_PROBLEM REQUIREMENTS:_ Repeat verbatim, and only, the lines of the data below, beginning at the line that contains "tau_dc = 3*tau_c;" and stopping after the line that contains "industrial profile pu".

_Records from a data collection:_
--- START ---
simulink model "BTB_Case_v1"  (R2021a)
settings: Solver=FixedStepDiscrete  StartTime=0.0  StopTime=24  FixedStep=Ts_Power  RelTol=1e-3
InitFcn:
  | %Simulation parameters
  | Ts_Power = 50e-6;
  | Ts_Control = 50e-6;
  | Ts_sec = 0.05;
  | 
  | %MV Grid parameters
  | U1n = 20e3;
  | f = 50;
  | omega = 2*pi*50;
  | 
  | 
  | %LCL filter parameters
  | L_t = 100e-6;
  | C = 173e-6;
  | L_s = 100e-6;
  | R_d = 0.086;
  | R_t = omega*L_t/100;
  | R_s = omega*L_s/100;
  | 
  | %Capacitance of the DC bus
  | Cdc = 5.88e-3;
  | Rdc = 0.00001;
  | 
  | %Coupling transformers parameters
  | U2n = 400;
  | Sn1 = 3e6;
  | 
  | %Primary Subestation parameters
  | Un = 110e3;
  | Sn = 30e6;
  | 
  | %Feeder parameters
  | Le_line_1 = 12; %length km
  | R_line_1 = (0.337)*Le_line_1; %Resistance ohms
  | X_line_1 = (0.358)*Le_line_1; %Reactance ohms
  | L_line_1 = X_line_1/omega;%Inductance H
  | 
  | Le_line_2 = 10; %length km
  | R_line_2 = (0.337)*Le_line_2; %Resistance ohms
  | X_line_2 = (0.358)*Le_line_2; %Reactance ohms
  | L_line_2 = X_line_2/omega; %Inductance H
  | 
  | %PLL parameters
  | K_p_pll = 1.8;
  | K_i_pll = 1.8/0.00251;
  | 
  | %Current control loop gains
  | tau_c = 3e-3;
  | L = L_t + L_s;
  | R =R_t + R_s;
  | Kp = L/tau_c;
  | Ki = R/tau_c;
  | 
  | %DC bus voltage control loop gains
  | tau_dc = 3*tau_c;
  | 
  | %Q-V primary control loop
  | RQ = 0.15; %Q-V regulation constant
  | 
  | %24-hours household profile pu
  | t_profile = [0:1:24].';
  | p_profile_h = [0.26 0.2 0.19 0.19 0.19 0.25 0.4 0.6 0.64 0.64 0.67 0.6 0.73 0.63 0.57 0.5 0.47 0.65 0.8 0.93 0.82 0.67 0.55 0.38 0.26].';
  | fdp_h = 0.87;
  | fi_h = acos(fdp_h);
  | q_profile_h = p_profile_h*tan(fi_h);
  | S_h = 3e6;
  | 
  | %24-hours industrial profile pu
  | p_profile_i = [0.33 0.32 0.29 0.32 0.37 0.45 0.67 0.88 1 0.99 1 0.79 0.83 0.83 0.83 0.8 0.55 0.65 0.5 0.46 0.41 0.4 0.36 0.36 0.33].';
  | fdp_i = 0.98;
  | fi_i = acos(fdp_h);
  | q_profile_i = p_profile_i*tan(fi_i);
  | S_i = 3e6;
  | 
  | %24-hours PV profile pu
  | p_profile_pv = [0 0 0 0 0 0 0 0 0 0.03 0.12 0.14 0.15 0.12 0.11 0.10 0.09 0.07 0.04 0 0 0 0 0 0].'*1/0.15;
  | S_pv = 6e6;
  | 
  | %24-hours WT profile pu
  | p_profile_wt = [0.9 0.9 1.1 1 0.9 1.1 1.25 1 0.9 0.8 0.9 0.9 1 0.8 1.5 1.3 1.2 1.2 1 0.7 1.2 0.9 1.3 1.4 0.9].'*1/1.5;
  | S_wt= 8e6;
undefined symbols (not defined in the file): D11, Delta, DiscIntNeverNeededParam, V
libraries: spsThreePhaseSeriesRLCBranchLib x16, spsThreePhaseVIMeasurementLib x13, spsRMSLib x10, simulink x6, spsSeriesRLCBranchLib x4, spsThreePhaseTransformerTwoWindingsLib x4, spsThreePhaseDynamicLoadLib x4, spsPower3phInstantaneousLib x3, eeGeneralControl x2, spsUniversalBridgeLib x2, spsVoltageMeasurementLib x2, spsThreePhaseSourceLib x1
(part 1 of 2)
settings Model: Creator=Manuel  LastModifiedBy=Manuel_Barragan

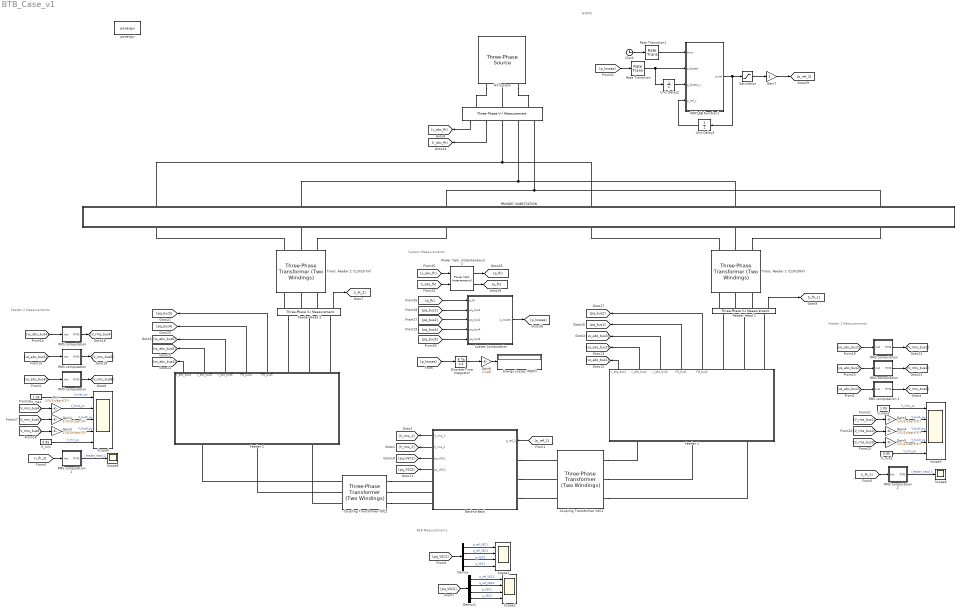
== system BTB_Case_v1 ==
  note: Feeder 2 Measurements
  note: Feeder 1 Measurements
  note: System Measurements
  note: A-DMS
  note: B2B Measurements
  " " : spsThreePhaseVIMeasurementLib/Three-Phase V-I Measurement  VoltageMeasurement=phase-to-ground  SetLabelV=off  LabelV=Vabc  Vpu=off  VpuLL=off  CurrentMeasurement=yes  SetLabelI=off  LabelI=Iabc  Ipu=off  Pbase=100e6  Vbase=500e3  OutputType=Complex  PhasorSimulation=off  PSBequivalent=0
  Back-to-Back : Subsystem
  Clock : Clock
  "Coupling Transformer VSC1 " : spsThreePhaseTransformerTwoWindingsLib/Three-Phase Transformer (Two Windings)  Winding1Connection=Delta (D11)  Winding2Connection=Yg  CoreType=Three single-phase transformers  SetSaturation=off  Hysteresis=off  DataFile='hysteresis'  SetInitialFlux=off  Measurements=None  UNITS=pu  NominalPower=[ Sn1 , f ]  Winding1=[ U1n , 0.002 , 0.08 ]  Winding2=[ U2n , 0.002 , 0.08 ]  Rm=500  Lm=500  L0=0.5  Saturation=[ 0,0 ; 0.0024,1.2 ; 1.0,1.52 ]  InitialFluxes=[ 0.8 , -0.8 , 0.7 ]  BreakLoop=off  DiscreteSolver=Trapezoidal iterative  DataType=off  TransfoNumber=1
  Coupling Transformer VSC2 : spsThreePhaseTransformerTwoWindingsLib/Three-Phase Transformer (Two Windings)  Winding1Connection=Delta (D11)  Winding2Connection=Yg  CoreType=Three single-phase transformers  SetSaturation=off  Hysteresis=off  DataFile='hysteresis'  SetInitialFlux=off  Measurements=None  UNITS=pu  NominalPower=[ Sn1 , f ]  Winding1=[ U1n , 0.002 , 0.08 ]  Winding2=[ U2n , 0.002 , 0.08 ]  Rm=500  Lm=500  L0=0.5  Saturation=[ 0,0 ; 0.0024,1.2 ; 1.0,1.52 ]  InitialFluxes=[ 0.8 , -0.8 , 0.7 ]  BreakLoop=off  DiscreteSolver=Trapezoidal iterative  DataType=off  TransfoNumber=1
  Demux : Demux
  Demux1 : Demux
  Discrete-Time Integrator : DiscreteIntegrator  SampleTime=Ts_Control  ICPrevOutput=DiscIntNeverNeededParam  ICPrevScaledInput=DiscIntNeverNeededParam
  Energy Losses (MWh) : Display
  Feeder 1 : Subsystem
  Feeder 2 : Subsystem
  Feeder Head 1 : spsThreePhaseVIMeasurementLib/Three-Phase V-I Measurement  VoltageMeasurement=no  SetLabelV=off  LabelV=Vabc  Vpu=off  VpuLL=off  CurrentMeasurement=yes  SetLabelI=off  LabelI=Iabc  Ipu=off  Pbase=100e6  Vbase=500e3  OutputType=Complex  PhasorSimulation=off  PSBequivalent=0
  Feeder Head 2 : spsThreePhaseVIMeasurementLib/Three-Phase V-I Measurement  VoltageMeasurement=no  SetLabelV=off  LabelV=Vabc  Vpu=off  VpuLL=off  CurrentMeasurement=yes  SetLabelI=off  LabelI=Iabc  Ipu=off  Pbase=100e6  Vbase=500e3  OutputType=Complex  PhasorSimulation=off  PSBequivalent=0
  Gain{,1..5} (6 alike) : Gain  Gain=1/(U1n/sqrt(3))
  Gain6 : Gain  Gain=1/1e6
  Gain7 : Gain
  HV System : spsThreePhaseSourceLib/Three-Phase Source  InternalConnection=Yg  VoltagePhases=off  Voltage=Un  PhaseAngle=0  Voltage_phases=[25e3 25e3 25e3]/sqrt(3)  PhaseAngles_phases=[0 -120 +120]  Frequency=f  NonIdealSource=off  SpecifyImpedance=on  Resistance=0.8929  Inductance=16.58e-3  ShortCircuitLevel=100e6  BaseVoltage=V  XRratio=7  BusType=swing  Pref=10e3  Qref=0  Prefabc=[10e3, 10e3, 10e3]  Qrefabc=[0, 0, 0]  Qmin=-inf  Qmax=inf
  Losses Computation : MATLAB Function  TreatAsAtomicUnit=on
  MATLAB Function1 : MATLAB Function  TreatAsAtomicUnit=on
  PRIMARY SUBESTATION : Subsystem
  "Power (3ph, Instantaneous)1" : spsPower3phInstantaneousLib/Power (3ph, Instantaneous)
--- END ---
_PROBLEM SOLUTION:_
  | tau_dc = 3*tau_c;
  | 
  | %Q-V primary control loop
  | RQ = 0.15; %Q-V regulation constant
  | 
  | %24-hours household profile pu
  | t_profile = [0:1:24].';
  | p_profile_h = [0.26 0.2 0.19 0.19 0.19 0.25 0.4 0.6 0.64 0.64 0.67 0.6 0.73 0.63 0.57 0.5 0.47 0.65 0.8 0.93 0.82 0.67 0.55 0.38 0.26].';
  | fdp_h = 0.87;
  | fi_h = acos(fdp_h);
  | q_profile_h = p_profile_h*tan(fi_h);
  | S_h = 3e6;
  | 
  | %24-hours industrial profile pu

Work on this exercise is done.